RIASSUNTO
ABSTRACT
It is well known that the acquisition of representative formation fluid samples is essential for reservoir management and development. However, because of overbalance pressure in the mud column, mud filtrate invades and contaminates the reservoir fluid during the drilling process but before the mudcake around the wellbore is properly formed. Although water-based mud (WBM) is immiscible with formation fluid, oil-based mud (OBM) is miscible with it. Samples with OBM contamination levels greater than at least 10% for oils and 3% for volatile oils and gas condensates might be considered unusable because the OBM contamination alters the formation fluid properties, preventing an accurate characterization of the reservoir fluid. Despite a large body of research, it is difficult to prevent contamination. Unfortunately, openhole sampling is usually a single opportunity event; by the time the laboratory analysis is complete, it is not possible to acquire additional samples. Consequently, it is important to be able to measure the contamination level of the reservoir fluid as accurately as possible in real time before taking the sample. In addition, by knowing the contamination level in real time, the optimal timing of sampling can easily be determined, which reduces rig time/cost and potential fishing risks. Current techniques to estimate contamination nearly ubiquitously rely on curve fitting of measured properties, such as density, fluid compositions (including gas/oil ratio [GOR] and asphaltene content), or color. These techniques, however, suffer from several shortcomings, such as tool drifting, dependence on end-member filtrate, and formation fluid properties.
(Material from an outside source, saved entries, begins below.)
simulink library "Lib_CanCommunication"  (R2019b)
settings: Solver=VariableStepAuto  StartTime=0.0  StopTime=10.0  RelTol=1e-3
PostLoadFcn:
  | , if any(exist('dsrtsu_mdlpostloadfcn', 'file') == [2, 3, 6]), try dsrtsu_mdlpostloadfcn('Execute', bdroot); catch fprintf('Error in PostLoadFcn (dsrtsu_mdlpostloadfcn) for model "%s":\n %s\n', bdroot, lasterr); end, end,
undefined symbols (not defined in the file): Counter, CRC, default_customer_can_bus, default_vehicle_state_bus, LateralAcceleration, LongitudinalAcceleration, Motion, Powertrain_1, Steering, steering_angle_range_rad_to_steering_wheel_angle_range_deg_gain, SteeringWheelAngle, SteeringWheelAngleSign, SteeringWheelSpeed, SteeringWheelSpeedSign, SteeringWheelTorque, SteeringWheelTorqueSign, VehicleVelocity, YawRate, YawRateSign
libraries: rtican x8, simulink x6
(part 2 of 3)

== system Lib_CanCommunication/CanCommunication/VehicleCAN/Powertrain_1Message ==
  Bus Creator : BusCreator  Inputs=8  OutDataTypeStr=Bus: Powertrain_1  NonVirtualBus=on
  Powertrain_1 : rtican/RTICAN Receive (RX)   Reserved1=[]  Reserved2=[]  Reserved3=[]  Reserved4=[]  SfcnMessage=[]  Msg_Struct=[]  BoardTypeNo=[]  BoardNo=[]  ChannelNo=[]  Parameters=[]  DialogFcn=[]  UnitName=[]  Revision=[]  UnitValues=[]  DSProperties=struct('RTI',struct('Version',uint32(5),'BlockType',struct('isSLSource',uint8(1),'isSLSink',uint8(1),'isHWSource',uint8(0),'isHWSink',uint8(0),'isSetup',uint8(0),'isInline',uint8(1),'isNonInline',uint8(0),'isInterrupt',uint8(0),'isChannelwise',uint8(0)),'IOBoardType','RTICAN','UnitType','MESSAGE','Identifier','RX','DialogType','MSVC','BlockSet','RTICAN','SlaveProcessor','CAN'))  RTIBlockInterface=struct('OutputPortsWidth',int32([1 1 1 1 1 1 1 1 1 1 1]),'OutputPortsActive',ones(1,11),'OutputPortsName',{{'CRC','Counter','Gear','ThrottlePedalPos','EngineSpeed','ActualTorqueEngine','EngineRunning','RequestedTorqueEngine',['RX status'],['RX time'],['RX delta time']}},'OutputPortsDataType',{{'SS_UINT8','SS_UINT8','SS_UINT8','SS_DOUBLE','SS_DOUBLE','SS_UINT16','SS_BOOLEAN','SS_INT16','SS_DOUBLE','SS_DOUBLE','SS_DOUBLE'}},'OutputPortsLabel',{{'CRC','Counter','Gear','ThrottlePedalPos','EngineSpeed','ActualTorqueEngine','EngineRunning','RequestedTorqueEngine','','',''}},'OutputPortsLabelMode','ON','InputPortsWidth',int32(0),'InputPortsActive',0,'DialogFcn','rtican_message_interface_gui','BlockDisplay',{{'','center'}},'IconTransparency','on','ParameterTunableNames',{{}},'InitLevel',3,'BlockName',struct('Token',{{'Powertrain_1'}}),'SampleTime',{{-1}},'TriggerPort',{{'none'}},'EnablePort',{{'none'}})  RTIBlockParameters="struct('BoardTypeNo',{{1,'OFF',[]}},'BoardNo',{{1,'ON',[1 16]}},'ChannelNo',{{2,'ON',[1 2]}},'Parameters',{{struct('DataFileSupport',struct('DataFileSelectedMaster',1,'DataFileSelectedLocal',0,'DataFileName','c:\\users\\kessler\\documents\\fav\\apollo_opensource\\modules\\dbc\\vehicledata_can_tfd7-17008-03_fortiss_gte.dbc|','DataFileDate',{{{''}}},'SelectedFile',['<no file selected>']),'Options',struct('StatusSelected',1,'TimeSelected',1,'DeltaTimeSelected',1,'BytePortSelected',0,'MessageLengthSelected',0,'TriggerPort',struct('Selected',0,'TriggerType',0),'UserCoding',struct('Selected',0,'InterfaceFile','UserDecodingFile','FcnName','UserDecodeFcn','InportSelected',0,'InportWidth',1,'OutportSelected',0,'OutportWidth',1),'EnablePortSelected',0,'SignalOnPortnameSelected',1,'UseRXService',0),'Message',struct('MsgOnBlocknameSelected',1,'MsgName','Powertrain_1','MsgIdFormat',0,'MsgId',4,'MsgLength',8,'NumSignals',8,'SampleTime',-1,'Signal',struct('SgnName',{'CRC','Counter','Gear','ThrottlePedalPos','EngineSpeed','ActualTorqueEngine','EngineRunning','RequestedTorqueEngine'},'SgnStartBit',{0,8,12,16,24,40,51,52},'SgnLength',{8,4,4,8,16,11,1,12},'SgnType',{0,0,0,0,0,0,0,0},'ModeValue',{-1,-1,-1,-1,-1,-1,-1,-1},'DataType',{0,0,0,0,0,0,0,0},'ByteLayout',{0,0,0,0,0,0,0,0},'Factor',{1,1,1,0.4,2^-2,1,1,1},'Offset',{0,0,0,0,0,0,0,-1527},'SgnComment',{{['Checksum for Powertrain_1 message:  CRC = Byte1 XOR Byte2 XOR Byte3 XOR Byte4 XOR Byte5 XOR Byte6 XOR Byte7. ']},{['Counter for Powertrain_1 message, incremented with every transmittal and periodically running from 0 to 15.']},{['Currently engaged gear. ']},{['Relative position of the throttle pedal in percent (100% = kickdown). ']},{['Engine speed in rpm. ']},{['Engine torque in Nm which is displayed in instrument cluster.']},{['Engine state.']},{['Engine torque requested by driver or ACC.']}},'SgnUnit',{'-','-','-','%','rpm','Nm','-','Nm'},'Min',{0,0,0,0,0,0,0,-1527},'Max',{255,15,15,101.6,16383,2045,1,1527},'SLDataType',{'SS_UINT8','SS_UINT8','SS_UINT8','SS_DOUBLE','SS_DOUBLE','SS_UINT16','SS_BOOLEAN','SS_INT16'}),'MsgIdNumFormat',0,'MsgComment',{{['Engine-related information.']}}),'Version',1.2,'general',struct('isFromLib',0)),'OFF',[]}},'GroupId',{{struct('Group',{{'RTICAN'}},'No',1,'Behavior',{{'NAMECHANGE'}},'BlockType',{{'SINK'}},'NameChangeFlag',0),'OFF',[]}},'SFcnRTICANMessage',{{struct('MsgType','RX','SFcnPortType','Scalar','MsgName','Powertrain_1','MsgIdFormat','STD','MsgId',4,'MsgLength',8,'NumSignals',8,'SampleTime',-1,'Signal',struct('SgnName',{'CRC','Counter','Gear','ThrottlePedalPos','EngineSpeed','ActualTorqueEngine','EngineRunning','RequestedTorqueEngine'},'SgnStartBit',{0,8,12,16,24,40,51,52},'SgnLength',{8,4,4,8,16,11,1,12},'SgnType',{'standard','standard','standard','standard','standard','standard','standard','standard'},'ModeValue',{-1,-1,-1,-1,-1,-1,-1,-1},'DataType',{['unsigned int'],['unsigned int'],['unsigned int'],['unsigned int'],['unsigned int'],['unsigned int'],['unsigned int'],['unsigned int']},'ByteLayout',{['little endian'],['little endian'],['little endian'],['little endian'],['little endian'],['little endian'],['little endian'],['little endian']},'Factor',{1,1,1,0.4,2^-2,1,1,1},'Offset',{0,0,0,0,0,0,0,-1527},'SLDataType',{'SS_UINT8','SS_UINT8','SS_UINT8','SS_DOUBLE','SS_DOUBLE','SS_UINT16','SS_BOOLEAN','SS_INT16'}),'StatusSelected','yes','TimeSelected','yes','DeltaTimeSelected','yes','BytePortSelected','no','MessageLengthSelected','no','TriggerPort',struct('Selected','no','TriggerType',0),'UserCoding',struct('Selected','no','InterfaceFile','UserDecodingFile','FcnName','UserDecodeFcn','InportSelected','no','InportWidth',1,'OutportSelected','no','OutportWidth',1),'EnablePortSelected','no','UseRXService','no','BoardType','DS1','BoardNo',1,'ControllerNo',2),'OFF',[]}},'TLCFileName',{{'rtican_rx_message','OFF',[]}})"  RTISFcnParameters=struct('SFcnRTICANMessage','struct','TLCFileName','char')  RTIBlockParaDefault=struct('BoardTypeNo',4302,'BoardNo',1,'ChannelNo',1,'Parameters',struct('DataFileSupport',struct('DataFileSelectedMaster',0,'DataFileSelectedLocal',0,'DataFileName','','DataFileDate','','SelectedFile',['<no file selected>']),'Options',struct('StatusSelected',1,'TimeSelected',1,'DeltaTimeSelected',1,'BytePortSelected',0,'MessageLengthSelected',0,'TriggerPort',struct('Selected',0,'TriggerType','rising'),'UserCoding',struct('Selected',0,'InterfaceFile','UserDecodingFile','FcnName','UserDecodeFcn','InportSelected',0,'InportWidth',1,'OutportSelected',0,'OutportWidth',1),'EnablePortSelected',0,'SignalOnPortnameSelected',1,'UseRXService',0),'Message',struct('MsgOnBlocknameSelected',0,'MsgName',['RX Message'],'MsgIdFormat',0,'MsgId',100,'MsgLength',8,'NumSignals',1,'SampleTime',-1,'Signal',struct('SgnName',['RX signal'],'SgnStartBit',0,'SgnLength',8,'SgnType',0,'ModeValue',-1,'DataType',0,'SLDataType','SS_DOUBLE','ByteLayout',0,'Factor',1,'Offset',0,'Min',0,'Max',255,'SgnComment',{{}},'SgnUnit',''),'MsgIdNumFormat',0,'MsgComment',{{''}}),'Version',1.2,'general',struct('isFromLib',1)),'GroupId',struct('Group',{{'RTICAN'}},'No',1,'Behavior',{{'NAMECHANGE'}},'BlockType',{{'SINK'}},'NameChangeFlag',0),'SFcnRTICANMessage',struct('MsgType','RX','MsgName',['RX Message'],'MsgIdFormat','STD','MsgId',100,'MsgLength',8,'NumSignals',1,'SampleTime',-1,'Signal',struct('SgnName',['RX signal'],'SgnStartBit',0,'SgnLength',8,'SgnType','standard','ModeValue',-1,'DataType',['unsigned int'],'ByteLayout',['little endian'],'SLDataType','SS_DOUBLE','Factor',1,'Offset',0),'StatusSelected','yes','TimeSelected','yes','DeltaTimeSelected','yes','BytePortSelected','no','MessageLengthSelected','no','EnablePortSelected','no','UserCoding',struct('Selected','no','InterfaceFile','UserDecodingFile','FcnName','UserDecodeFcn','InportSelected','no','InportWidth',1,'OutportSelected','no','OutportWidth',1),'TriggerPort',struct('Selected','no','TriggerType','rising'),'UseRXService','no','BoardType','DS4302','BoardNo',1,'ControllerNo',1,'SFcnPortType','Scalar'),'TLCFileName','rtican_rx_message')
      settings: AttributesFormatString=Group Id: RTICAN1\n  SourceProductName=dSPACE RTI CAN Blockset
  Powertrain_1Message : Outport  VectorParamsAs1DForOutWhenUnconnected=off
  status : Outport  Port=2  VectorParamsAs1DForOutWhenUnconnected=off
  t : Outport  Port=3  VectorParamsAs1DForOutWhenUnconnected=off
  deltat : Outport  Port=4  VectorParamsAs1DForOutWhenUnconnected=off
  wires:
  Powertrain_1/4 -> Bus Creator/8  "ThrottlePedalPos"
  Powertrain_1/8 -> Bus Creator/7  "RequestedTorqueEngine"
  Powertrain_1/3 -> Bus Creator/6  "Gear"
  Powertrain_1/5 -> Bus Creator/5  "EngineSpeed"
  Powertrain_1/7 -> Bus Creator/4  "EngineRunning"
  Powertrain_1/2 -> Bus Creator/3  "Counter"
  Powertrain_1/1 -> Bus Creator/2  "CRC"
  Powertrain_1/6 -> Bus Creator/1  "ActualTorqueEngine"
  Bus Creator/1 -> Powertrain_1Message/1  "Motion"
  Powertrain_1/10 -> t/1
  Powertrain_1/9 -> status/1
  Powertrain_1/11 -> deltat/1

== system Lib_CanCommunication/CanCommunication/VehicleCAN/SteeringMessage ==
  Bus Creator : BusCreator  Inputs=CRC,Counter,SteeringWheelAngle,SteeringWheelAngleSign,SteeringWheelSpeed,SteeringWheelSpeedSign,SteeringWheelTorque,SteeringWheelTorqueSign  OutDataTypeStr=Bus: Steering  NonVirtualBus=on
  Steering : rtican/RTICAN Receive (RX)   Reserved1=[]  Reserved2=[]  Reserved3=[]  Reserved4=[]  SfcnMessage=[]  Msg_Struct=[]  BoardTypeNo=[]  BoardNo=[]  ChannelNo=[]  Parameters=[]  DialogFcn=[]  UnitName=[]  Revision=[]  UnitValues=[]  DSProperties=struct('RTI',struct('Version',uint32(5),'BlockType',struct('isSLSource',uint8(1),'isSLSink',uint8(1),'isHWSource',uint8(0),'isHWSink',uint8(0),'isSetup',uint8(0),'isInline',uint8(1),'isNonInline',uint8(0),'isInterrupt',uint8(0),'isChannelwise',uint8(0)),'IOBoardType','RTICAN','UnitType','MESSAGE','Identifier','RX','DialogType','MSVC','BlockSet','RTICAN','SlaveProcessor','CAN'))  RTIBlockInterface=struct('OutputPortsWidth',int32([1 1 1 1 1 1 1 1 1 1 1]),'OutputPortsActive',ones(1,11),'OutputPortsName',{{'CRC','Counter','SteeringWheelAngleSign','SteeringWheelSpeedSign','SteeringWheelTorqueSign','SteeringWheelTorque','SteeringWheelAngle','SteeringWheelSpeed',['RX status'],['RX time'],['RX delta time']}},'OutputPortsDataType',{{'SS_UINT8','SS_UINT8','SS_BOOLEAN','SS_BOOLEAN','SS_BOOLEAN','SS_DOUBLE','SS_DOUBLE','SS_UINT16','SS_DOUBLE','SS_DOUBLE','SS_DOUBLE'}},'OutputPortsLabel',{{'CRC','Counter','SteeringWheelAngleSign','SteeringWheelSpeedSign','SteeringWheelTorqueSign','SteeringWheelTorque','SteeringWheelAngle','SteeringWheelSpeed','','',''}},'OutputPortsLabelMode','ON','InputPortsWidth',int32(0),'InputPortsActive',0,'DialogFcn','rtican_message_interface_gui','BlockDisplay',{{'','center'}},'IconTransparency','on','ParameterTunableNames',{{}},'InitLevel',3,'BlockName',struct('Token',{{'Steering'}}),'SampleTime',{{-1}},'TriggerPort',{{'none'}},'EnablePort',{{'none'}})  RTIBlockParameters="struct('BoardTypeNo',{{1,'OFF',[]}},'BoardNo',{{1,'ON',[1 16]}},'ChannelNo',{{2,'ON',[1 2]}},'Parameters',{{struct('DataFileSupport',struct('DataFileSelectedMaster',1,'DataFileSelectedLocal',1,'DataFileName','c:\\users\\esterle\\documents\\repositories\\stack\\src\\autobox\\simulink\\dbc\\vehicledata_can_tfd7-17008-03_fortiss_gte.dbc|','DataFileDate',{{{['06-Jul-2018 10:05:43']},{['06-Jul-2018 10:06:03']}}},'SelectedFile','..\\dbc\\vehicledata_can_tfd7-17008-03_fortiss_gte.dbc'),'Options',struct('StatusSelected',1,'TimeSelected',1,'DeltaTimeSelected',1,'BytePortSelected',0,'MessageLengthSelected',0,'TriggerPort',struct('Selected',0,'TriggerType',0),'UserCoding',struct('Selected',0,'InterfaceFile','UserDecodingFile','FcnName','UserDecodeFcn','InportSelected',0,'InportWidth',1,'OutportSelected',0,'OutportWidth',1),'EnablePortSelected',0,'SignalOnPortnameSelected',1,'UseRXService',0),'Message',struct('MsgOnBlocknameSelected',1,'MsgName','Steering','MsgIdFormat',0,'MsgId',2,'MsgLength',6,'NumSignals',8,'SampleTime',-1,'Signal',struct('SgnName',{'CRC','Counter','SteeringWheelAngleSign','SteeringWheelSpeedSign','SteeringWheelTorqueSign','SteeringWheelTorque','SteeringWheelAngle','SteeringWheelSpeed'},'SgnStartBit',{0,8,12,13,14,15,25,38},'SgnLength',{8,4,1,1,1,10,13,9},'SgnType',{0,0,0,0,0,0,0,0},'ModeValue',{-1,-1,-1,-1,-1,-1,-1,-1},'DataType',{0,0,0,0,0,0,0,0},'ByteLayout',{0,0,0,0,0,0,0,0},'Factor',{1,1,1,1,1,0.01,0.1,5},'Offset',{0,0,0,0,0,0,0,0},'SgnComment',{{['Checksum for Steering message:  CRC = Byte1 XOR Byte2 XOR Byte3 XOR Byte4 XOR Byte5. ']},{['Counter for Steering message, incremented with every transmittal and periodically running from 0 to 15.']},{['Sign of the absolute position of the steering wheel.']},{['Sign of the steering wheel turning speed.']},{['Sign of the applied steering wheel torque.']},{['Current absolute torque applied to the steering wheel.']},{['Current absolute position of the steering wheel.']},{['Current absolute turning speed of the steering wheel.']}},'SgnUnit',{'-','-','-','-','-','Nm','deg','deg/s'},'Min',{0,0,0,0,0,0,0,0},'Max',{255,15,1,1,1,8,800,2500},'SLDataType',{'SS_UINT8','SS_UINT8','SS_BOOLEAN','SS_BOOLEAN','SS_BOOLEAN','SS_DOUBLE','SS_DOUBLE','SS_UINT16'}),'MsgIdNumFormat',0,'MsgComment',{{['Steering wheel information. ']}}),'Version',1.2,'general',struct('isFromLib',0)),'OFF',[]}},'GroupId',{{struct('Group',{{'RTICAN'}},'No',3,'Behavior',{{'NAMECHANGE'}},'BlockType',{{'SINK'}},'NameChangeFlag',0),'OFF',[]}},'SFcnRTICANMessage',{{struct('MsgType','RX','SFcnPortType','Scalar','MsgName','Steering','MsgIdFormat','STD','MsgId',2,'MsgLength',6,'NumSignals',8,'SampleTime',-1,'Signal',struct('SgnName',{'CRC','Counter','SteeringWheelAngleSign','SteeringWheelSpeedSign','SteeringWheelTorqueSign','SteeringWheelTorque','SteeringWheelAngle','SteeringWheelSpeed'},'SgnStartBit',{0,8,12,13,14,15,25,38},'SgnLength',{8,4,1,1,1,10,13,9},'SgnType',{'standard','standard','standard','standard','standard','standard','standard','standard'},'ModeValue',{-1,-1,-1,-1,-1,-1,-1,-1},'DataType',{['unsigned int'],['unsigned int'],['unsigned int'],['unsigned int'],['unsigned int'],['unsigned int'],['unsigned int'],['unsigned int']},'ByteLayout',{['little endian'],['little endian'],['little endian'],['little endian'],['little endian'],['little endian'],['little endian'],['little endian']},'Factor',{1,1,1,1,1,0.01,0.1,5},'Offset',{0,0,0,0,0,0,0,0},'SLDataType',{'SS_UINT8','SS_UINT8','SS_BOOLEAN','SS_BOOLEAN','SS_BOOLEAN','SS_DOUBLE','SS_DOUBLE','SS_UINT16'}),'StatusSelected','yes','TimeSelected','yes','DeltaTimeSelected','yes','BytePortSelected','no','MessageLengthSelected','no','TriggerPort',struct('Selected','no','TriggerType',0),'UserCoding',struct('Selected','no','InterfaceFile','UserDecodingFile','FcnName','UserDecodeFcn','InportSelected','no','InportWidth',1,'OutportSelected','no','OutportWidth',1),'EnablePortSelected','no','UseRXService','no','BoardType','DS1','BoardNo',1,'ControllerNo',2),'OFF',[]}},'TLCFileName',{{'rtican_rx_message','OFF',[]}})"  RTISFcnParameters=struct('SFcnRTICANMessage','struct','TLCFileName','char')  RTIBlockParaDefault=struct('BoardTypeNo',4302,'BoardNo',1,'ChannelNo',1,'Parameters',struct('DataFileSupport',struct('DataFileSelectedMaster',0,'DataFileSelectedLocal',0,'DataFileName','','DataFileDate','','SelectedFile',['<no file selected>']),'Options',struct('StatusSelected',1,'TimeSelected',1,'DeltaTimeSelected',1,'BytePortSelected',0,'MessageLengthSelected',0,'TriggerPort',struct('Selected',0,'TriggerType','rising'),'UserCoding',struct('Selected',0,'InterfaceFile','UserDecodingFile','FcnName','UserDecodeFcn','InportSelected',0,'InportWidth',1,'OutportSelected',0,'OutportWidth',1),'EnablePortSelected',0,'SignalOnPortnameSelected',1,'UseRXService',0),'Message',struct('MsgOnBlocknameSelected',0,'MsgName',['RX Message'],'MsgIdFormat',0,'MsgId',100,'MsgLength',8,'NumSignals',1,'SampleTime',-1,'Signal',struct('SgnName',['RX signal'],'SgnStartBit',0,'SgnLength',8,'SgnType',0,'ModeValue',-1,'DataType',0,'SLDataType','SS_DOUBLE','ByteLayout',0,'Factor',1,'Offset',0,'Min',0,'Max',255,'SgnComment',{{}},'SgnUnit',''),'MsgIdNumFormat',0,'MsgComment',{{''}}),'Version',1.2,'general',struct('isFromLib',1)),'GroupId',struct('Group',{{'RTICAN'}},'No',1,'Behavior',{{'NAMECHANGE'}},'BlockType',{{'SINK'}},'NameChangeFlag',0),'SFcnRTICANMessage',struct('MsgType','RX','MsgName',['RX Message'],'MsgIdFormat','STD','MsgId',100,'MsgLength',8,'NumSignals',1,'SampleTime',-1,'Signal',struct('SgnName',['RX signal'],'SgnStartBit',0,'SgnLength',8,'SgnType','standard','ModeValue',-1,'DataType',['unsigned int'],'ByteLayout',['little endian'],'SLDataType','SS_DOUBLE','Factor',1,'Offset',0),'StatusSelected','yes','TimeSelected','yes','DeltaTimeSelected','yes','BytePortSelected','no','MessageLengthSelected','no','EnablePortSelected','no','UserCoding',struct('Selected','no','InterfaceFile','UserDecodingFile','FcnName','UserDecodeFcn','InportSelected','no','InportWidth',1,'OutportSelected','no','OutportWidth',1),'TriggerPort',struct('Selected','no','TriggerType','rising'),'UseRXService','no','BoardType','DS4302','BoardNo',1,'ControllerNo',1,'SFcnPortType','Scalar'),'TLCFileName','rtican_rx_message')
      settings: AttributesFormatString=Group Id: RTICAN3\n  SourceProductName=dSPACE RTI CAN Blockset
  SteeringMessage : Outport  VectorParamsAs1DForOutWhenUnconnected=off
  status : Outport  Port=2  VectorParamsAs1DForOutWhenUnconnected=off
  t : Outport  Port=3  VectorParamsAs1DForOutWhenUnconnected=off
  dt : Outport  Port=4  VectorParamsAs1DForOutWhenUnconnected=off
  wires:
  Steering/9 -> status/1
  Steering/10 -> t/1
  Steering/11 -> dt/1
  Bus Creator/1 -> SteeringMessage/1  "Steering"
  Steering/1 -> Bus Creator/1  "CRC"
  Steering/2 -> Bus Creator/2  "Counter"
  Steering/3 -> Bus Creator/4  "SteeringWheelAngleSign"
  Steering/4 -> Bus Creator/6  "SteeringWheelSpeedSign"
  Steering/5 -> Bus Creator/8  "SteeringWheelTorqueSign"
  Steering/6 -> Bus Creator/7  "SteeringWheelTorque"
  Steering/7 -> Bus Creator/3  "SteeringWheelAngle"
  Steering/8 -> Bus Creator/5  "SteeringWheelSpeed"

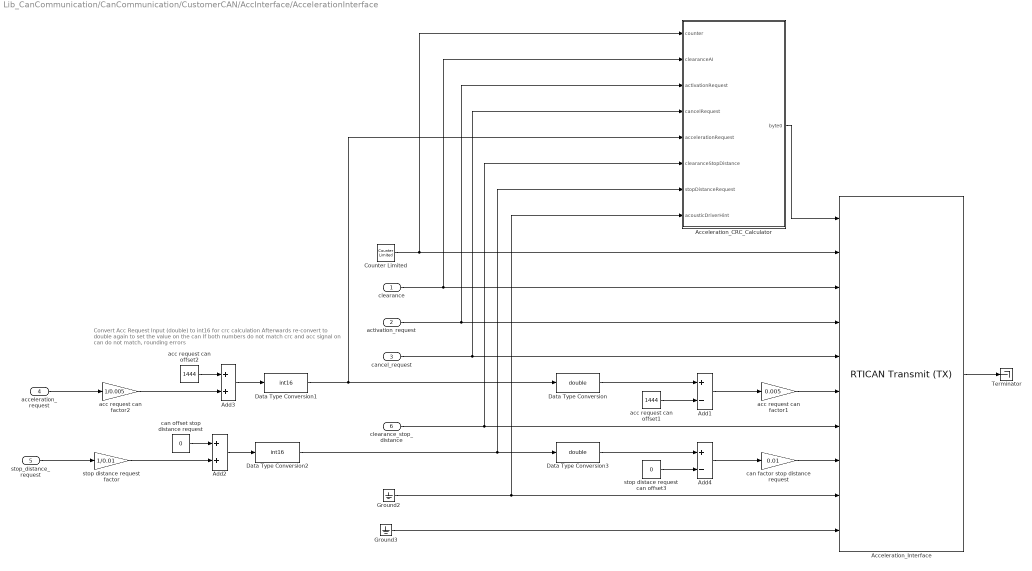
== system Lib_CanCommunication/CanCommunication/CustomerCAN/AccInterface/AccelerationInterface ==
  note: Convert Acc Request Input (double) to int16 for crc calculation
      | Afterwards re-convert to double again to set the value on the can
      | If both numbers do not match crc and acc signal on can do not match, rounding errors
  clearance : Inport
  activation_request : Inport  Port=2
  cancel_request : Inport  Port=3
  acceleration_request : Inport  Port=4
  stop_distance_request : Inport  Port=5
  clearance_stop_distance : Inport  Port=6
  Acceleration_CRC_Calculator : MATLAB Function  TreatAsAtomicUnit=on
  Acceleration_Interface : rtican/RTICAN Transmit (TX)   Reserved1=[]  Reserved2=[]  Reserved3=[]  Reserved4=[]  SfcnMessage=[]  Msg_Struct=[]  BoardTypeNo=[]  BoardNo=[]  ChannelNo=[]  Parameters=[]  DialogFcn=[]  UnitName=[]  Revision=[]  UnitValues=[]  DSProperties=struct('RTI',struct('Version',uint32(5),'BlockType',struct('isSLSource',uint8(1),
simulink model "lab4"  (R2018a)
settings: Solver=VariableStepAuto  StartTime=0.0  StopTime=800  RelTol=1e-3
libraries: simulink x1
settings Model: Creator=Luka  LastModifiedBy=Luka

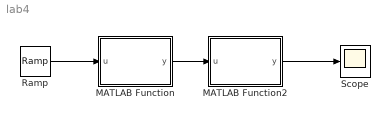
== system lab4 ==
  MATLAB Function : MATLAB Function  TreatAsAtomicUnit=on
  MATLAB Function2 : MATLAB Function  TreatAsAtomicUnit=on
  Ramp : simulink/Sources/Ramp  slope=1  start=0  InitialOutput=0
  Scope : Scope
  wires:
  MATLAB Function2/1(y) -> Scope/1
  MATLAB Function/1(y) -> MATLAB Function2/1(u)
  Ramp/1 -> MATLAB Function/1(u)

== matlab function lab4/MATLAB Function ==
  data: u input; y output
function y = fcn(u)

y = 50*(1-exp(-0.005*u));

== matlab function lab4/MATLAB Function2 ==
  data: u input; y output
function y = fcn(u)

y = -200*log(1 - u/50);

In all techniques, the measured properties are assumed to asymptotically approach the clean fluid properties.
This paper proposes a method to estimate the drilling fluid contamination levels and characterize reservoir fluid in real time using the formation tester tool measurements of the fluid. Although the equation-of-state (EOS) method has been previously proposed, in this approach, a combination of a multi-point EOS, distribution function of formation fluid, inherent geochemistry principles, and empirical correlations are used. This EOS method has been validated with laboratory and field data.
The algorithm developed uses an inverse method to compute reservoir fluid contamination. It takes as inputs the downhole fluid composition, including C1, C2, C3, C4-C5, and C6+ saturate, aromatic, resin, and asphaltene fractions, and fluid properties, such as GOR, density, bubble-point pressure, compressibility, and mud filtrate composition. Using an iterative process, an optimum combination of formation and filtrate fluids whose properties best match the fluid properties supplied to the algorithm is determined.